**Raw data**
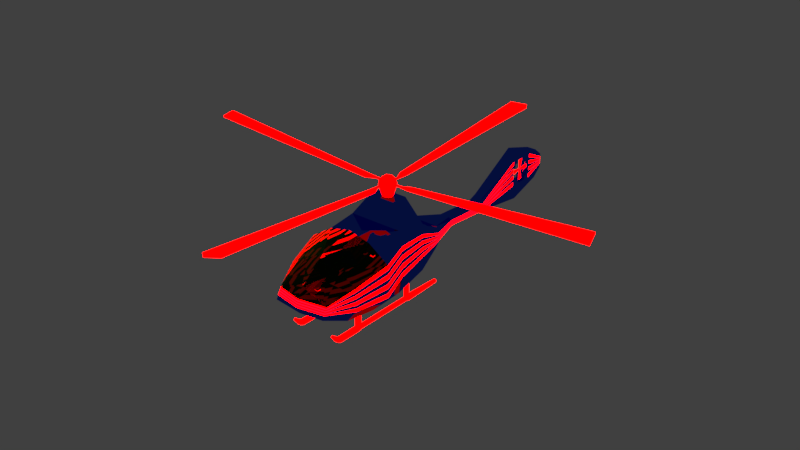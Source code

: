 # Source: Choper.blend  (saved by Blender 2.78.0; exported with 4.5.12 LTS)
import bpy
from mathutils import Matrix  # noqa: F401  (used for matrix-valued properties, if any)

bpy.ops.wm.read_factory_settings(use_empty=True)
scene = bpy.context.scene
scene.name = 'Scene'

# ---- collections
col_collection_1 = bpy.data.collections.new('Collection 1'); scene.collection.children.link(col_collection_1)

# ---- materials (node trees are filled in below, after node groups)
mat_material = bpy.data.materials.new('Material')
mat_material.alpha_threshold = 0.0
mat_material.roughness = 0.5
mat_material.line_color = (0.0, 0.0, 0.0, 1.0)
mat_material_001 = bpy.data.materials.new('Material.001')
mat_material_001.alpha_threshold = 0.0
mat_material_001.roughness = 0.5
mat_material_002 = bpy.data.materials.new('Material.002')
mat_material_002.alpha_threshold = 0.0
mat_material_002.roughness = 0.5

# ---- material node trees
mat_material.use_nodes = True; mat_material.node_tree.nodes.clear()
_N = mat_material.node_tree.nodes; _L = mat_material.node_tree.links
n0 = _N.new('ShaderNodeOutputMaterial'); n0.name = 'Material Output'; n0.location = (300, 300)
n1 = _N.new('ShaderNodeMixShader'); n1.name = 'Mix Shader'; n1.location = (10, 300)
n2 = _N.new('ShaderNodeBsdfAnisotropic'); n2.name = 'Glossy BSDF'; n2.location = (-190, 200)
n2.distribution = 'GGX'
n2.inputs[0].default_value = (0.0288, 0.04802, 0.8, 1.0)
n2.inputs[1].default_value = 0.0
n3 = _N.new('ShaderNodeBsdfAnisotropic'); n3.name = 'Glossy BSDF.001'; n3.location = (-190, 100)
n3.distribution = 'GGX'
n3.inputs[0].default_value = (0.01861, 0.1231, 0.9258, 1.0)
n3.inputs[1].default_value = 0.0
_L.new(n1.outputs[0], n0.inputs[0])
_L.new(n2.outputs[0], n1.inputs[1])
_L.new(n3.outputs[0], n1.inputs[2])
n0.is_active_output = True
mat_material_001.use_nodes = True; mat_material_001.node_tree.nodes.clear()
_N = mat_material_001.node_tree.nodes; _L = mat_material_001.node_tree.links
n0 = _N.new('ShaderNodeOutputMaterial'); n0.name = 'Material Output'; n0.location = (300, 300)
n1 = _N.new('ShaderNodeEmission'); n1.name = 'Emission'; n1.location = (10, 300)
n1.inputs[0].default_value = (0.8, 0.0, 0.0, 1.0)
n1.inputs[1].default_value = 11.6
_L.new(n1.outputs[0], n0.inputs[0])
n0.is_active_output = True
mat_material_002.use_nodes = True; mat_material_002.node_tree.nodes.clear()
_N = mat_material_002.node_tree.nodes; _L = mat_material_002.node_tree.links
n0 = _N.new('ShaderNodeOutputMaterial'); n0.name = 'Material Output'; n0.location = (300, 300)
n1 = _N.new('ShaderNodeBsdfGlass'); n1.name = 'Glass BSDF'; n1.location = (10, 300)
n1.distribution = 'BECKMANN'
n1.inputs[0].default_value = (0.2443, 0.8, 0.09584, 1.0)
n1.inputs[2].default_value = 1.3
_L.new(n1.outputs[0], n0.inputs[0])
n0.is_active_output = True

# ---- world
world_world = bpy.data.worlds.new('World'); scene.world = world_world
world_world.color = (0.05088, 0.05088, 0.05088)
world_world.use_sun_shadow = False
world_world.sun_shadow_jitter_overblur = 0.0
world_world.cycles.sampling_method = 'MANUAL'

# ---- meshes
me_cube_005 = bpy.data.meshes.new('Cube.005')
me_cube_005.from_pydata([(10.16, -13.1, 0.02625), (10.16, -13.1, 2.026), (10.16, -11.1, 0.02625), (10.16, -11.1, 2.026), (12.16, -13.1, 0.02625), (12.16, -13.1, 2.026), (12.16, -11.1, 0.02625), (12.16, -11.1, 2.026), (10.16, -11.1, -5.002), (10.16, -13.1, -4.586), (12.16, -11.1, -5.156), (12.16, -13.1, -4.586), (10.16, -11.1, -6.345), (10.16, -13.1, -6.76), (12.16, -11.1, -6.19), (12.16, -13.1, -6.76), (10.16, -23.56, -4.658), (12.16, -23.56, -4.658), (10.16, -24.34, -6.689), (12.16, -24.34, -6.689), (10.16, -24.97, -4.222), (12.16, -24.97, -4.222), (10.16, -26.5, -5.763), (12.16, -26.5, -5.763), (10.68, -28.35, -1.663), (11.64, -28.35, -1.663), (10.68, -29.08, -2.396), (11.64, -29.08, -2.396), (12.16, 20.38, -5.156), (10.16, 20.38, -5.002), (12.16, 20.38, -6.19), (10.16, 20.38, -6.345), (12.16, 21.78, -4.586), (10.16, 21.78, -4.586), (12.16, 21.78, -6.76), (10.16, 21.78, -6.76), (12.16, 20.38, 4.297), (10.16, 20.38, 4.297), (12.16, 21.78, 4.297), (10.16, 21.78, 4.297), (11.79, 42.39, -4.987), (10.53, 42.39, -4.987), (11.79, 42.39, -6.36), (10.53, 42.39, -6.36), (2.485, 119.7, 6.158), (13.58, -36.65, 10.7), (2.485, 119.7, 33.33), (12.12, -33.18, 17.28), (2.429e-06, 119.7, 6.158), (0.0, -36.65, 9.216), (3.239e-06, 119.7, 33.33), (-7.287e-06, -34.29, 20.95), (2.016, 88.44, 9.688), (1.353, 63.72, 11.18), (7.562, 46.74, 7.853), (13.58, 29.76, 6.158), (13.58, 12.78, 1.646), (13.58, -4.201, 0.8371), (13.58, -21.18, 3.269), (2.592, 88.44, 15.25), (2.485, 63.72, 16.79), (8.064, 46.74, 20.51), (13.58, 29.76, 29.95), (13.58, 12.78, 33.33), (11.14, -4.201, 33.33), (9.672, -21.18, 25.97), (1.677e-06, 88.44, 15.25), (3.612e-07, 63.72, 16.79), (-9.546e-07, 46.74, 20.51), (-2.27e-06, 29.76, 29.95), (-3.586e-06, 12.78, 33.33), (-4.902e-06, -4.201, 35.84), (-6.218e-06, -21.18, 31.33), (2.469e-07, -21.18, 1.783), (5.505e-07, -4.201, 0.8371), (8.542e-07, 12.78, 1.646), (1.158e-06, 29.76, 6.158), (1.461e-06, 46.74, 7.853), (1.765e-06, 63.72, 11.18), (2.069e-06, 88.44, 9.688), (2.485, 117.9, 13.89), (13.58, -35.66, 12.57), (-2.075e-06, -38.13, 12.57), (4.319, 88.44, 11.27), (4.145, 63.72, 12.77), (7.541, 46.74, 10.24), (13.58, 29.76, 12.93), (15.77, 12.78, 10.67), (21.87, -4.201, 10.09), (18.56, -21.18, 9.735), (2.485, 117.9, 27.34), (13.58, -33.95, 15.83), (-5.681e-06, -37.52, 16.66), (4.004, 88.44, 14.02), (4.186, 63.72, 15.55), (9.681, 46.74, 17.34), (13.58, 29.76, 24.71), (15.77, 12.78, 26.34), (21.87, -4.201, 26.17), (18.56, -21.18, 20.97), (6.788, 25.59, 43.05), (6.788, 16.95, 43.5), (-0.0008506, 25.59, 43.05), (-0.000851, 16.95, 43.5), (2.485, 131.9, 27.25), (2.485, 137.5, 27.94), (2.485, 137.5, 11.9), (0.0001108, 137.5, 11.9), (0.0001116, 137.5, 27.94), (0.0001114, 137.5, 24.41), (2.485, 131.8, 14.05), (0.000111, 137.5, 16.47), (2.485, 142.5, 22.19), (2.485, 142.5, 23.87), (2.485, 142.5, 16.25), (0.000141, 142.5, 16.25), (0.0001418, 142.5, 23.87), (0.0001416, 142.5, 22.19), (2.485, 142.5, 18.42), (0.0001412, 142.5, 18.42), (2.485, 124.9, 13.97), (2.485, 124.9, 27.29), (2.485, 128.6, 30.64), (5.663e-05, 128.6, 9.028), (5.744e-05, 128.6, 30.64), (2.485, 128.6, 9.028), (8.275e-05, 132.8, 25.18), (9.63e-05, 135.0, 24.82), (2.485, 126.4, 13.99), (2.485, 128.2, 14.01), (2.485, 129.9, 14.02), (6.94e-05, 130.6, 30.04), (8.295e-05, 132.8, 29.37), (9.65e-05, 135.0, 28.7), (2.485, 130.6, 9.661), (2.485, 132.8, 10.38), (2.485, 135.0, 11.1), (9.59e-05, 135.0, 16.11), (8.235e-05, 132.8, 15.79), (2.485, 129.9, 27.26), (2.485, 128.2, 27.27), (2.485, 126.4, 27.28), (2.485, 135.0, 28.7), (2.485, 132.8, 29.37), (2.485, 130.6, 30.04), (9.569e-05, 135.0, 11.1), (8.214e-05, 132.8, 10.38), (6.859e-05, 130.6, 9.661), (2.485, 123.2, 27.31), (2.485, 121.4, 27.32), (2.485, 119.7, 27.33), (2.485, 126.4, 31.31), (2.485, 124.2, 31.98), (2.485, 121.9, 32.65), (4.308e-05, 126.4, 8.311), (2.953e-05, 124.2, 7.593), (1.598e-05, 121.9, 6.875), (2.485, 119.7, 13.91), (2.485, 121.4, 13.93), (2.485, 123.1, 13.95), (1.679e-05, 121.9, 32.65), (3.034e-05, 124.2, 31.98), (4.389e-05, 126.4, 31.31), (2.485, 121.9, 6.875), (2.485, 124.2, 7.593), (2.485, 126.4, 8.311), (-5.166e-06, -37.61, 16.07), (-4.651e-06, -37.69, 15.49), (-4.136e-06, -37.78, 14.91), (-3.621e-06, -37.87, 14.32), (-3.105e-06, -37.96, 13.74), (-2.59e-06, -38.04, 13.16), (4.049, 88.44, 13.63), (4.094, 88.44, 13.24), (4.139, 88.44, 12.84), (4.184, 88.44, 12.45), (4.229, 88.44, 12.06), (4.274, 88.44, 11.67), (4.181, 63.72, 15.15), (4.175, 63.72, 14.76), (4.169, 63.72, 14.36), (4.163, 63.72, 13.96), (4.157, 63.72, 13.57), (4.151, 63.72, 13.17), (9.376, 46.74, 16.33), (9.07, 46.74, 15.32), (8.764, 46.74, 14.3), (8.458, 46.74, 13.29), (8.153, 46.74, 12.27), (7.847, 46.74, 11.26), (13.58, 29.76, 23.03), (13.58, 29.76, 21.34), (13.58, 29.76, 19.66), (13.58, 29.76, 17.98), (13.58, 29.76, 16.3), (13.58, 29.76, 14.62), (15.77, 12.78, 24.1), (15.77, 12.78, 21.86), (15.77, 12.78, 19.63), (15.77, 12.78, 17.39), (15.77, 12.78, 15.15), (15.77, 12.78, 12.91), (21.87, -4.201, 23.87), (21.87, -4.201, 21.57), (21.87, -4.201, 19.28), (21.87, -4.201, 16.98), (21.87, -4.201, 14.68), (21.87, -4.201, 12.39), (18.56, -21.18, 19.36), (18.56, -21.18, 17.76), (18.56, -21.18, 16.15), (18.56, -21.18, 14.55), (18.56, -21.18, 12.94), (18.56, -21.18, 11.34), (2.485, 117.9, 15.82), (2.485, 117.9, 17.74), (2.485, 117.9, 19.66), (2.485, 117.9, 21.58), (2.485, 117.9, 23.5), (2.485, 117.9, 25.42), (13.58, -35.42, 13.04), (13.58, -35.17, 13.5), (13.58, -34.93, 13.97), (13.58, -34.68, 14.43), (13.58, -34.44, 14.9), (13.58, -34.19, 15.36), (2.485, 131.8, 15.93), (2.485, 131.8, 17.82), (2.485, 131.9, 19.71), (2.485, 131.9, 21.59), (2.485, 131.9, 23.48), (2.485, 131.9, 25.36), (0.0001111, 137.5, 17.6), (0.0001111, 137.5, 18.74), (0.0001112, 137.5, 19.87), (0.0001113, 137.5, 21.0), (0.0001113, 137.5, 22.14), (0.0001114, 137.5, 23.27), (2.485, 142.5, 18.96), (2.485, 142.5, 19.49), (2.485, 142.5, 20.03), (2.485, 142.5, 20.57), (2.485, 142.5, 21.11), (2.485, 142.5, 21.65), (0.0001413, 142.5, 18.96), (0.0001413, 142.5, 19.49), (0.0001414, 142.5, 20.03), (0.0001414, 142.5, 20.57), (0.0001415, 142.5, 21.11), (0.0001415, 142.5, 21.65), (8.269e-05, 132.8, 23.84), (8.264e-05, 132.8, 22.5), (8.258e-05, 132.8, 21.16), (9.624e-05, 135.0, 23.57), (9.618e-05, 135.0, 22.33), (9.613e-05, 135.0, 21.08), (9.607e-05, 135.0, 19.84), (9.601e-05, 135.0, 18.6), (9.595e-05, 135.0, 17.35), (2.485, 128.2, 15.9), (2.485, 128.2, 25.38), (2.485, 129.9, 15.92), (2.485, 129.9, 17.81), (2.485, 129.9, 23.48), (2.485, 129.9, 25.37), (2.485, 119.7, 15.83), (2.485, 119.7, 17.75), (2.485, 119.7, 23.49), (2.485, 119.7, 25.41), (2.485, 121.4, 15.84), (2.485, 121.4, 25.4), (0.03277, 124.9, 13.97), (0.03277, 124.9, 27.29), (0.03278, 126.4, 13.99), (0.03279, 128.2, 14.01), (0.0328, 128.2, 27.27), (0.03278, 126.4, 27.28), (0.03276, 123.2, 27.31), (0.03274, 121.4, 27.32), (0.03274, 121.4, 13.93), (0.03275, 123.1, 13.95), (0.03271, 117.9, 17.74), (0.03271, 117.9, 19.66), (0.03272, 117.9, 21.58), (0.03272, 117.9, 23.5), (0.03282, 131.8, 17.82), (0.03282, 131.9, 19.71), (0.03282, 131.9, 21.59), (0.03282, 131.9, 23.48), (0.03279, 128.2, 15.9), (0.0328, 128.2, 25.38), (0.03281, 129.9, 15.92), (0.03281, 129.9, 17.81), (0.03281, 129.9, 23.48), (0.03281, 129.9, 25.37), (0.03273, 119.7, 15.83), (0.03273, 119.7, 17.75), (0.03273, 119.7, 23.49), (0.03273, 119.7, 25.41), (0.03274, 121.4, 15.84), (0.03274, 121.4, 25.4), (13.58, 29.76, 6.158), (13.58, 12.78, 1.646), (13.58, 29.76, 29.95), (13.58, 12.78, 33.33), (-2.27e-06, 29.76, 29.95), (-3.586e-06, 12.78, 33.33), (8.542e-07, 12.78, 1.646), (1.158e-06, 29.76, 6.158), (13.58, 29.76, 12.93), (15.77, 12.78, 10.67), (13.58, 29.76, 24.71), (15.77, 12.78, 26.34), (6.788, 25.59, 43.05), (6.788, 16.95, 43.5), (-0.0008506, 25.59, 43.05), (-0.000851, 16.95, 43.5), (13.58, 29.76, 23.03), (13.58, 29.76, 21.34), (13.58, 29.76, 19.66), (13.58, 29.76, 17.98), (13.58, 29.76, 16.3), (13.58, 29.76, 14.62), (15.77, 12.78, 24.1), (15.77, 12.78, 21.86), (15.77, 12.78, 19.63), (15.77, 12.78, 17.39), (15.77, 12.78, 15.15), (15.77, 12.78, 12.91)], [], [(0, 1, 3, 2), (2, 3, 7, 6), (6, 7, 5, 4), (4, 5, 1, 0), (0, 2, 8, 9), (7, 3, 1, 5), (8, 10, 28, 29), (6, 4, 11, 10), (4, 0, 9, 11), (2, 6, 10, 8), (12, 14, 15, 13), (10, 11, 15, 14), (9, 8, 12, 13), (9, 13, 18, 16), (16, 18, 22, 20), (13, 15, 19, 18), (11, 9, 16, 17), (15, 11, 17, 19), (23, 21, 25, 27), (18, 19, 23, 22), (19, 17, 21, 23), (17, 16, 20, 21), (25, 24, 26, 27), (21, 20, 24, 25), (20, 22, 26, 24), (22, 23, 27, 26), (31, 29, 33, 35), (10, 14, 30, 28), (12, 8, 29, 31), (14, 12, 31, 30), (32, 34, 42, 40), (30, 31, 35, 34), (28, 30, 34, 32), (33, 29, 37, 39), (37, 36, 38, 39), (32, 33, 39, 38), (28, 32, 38, 36), (29, 28, 36, 37), (41, 40, 42, 43), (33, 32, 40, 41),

**Task item**
Lines containing the word "location": copy each of them from the material.

**Reply to the task**
n0 = _N.new('ShaderNodeOutputMaterial'); n0.name = 'Material Output'; n0.location = (300, 300)
n1 = _N.new('ShaderNodeMixShader'); n1.name = 'Mix Shader'; n1.location = (10, 300)
n2 = _N.new('ShaderNodeBsdfAnisotropic'); n2.name = 'Glossy BSDF'; n2.location = (-190, 200)
n3 = _N.new('ShaderNodeBsdfAnisotropic'); n3.name = 'Glossy BSDF.001'; n3.location = (-190, 100)
n0 = _N.new('ShaderNodeOutputMaterial'); n0.name = 'Material Output'; n0.location = (300, 300)
n1 = _N.new('ShaderNodeEmission'); n1.name = 'Emission'; n1.location = (10, 300)
n0 = _N.new('ShaderNodeOutputMaterial'); n0.name = 'Material Output'; n0.location = (300, 300)
n1 = _N.new('ShaderNodeBsdfGlass'); n1.name = 'Glass BSDF'; n1.location = (10, 300)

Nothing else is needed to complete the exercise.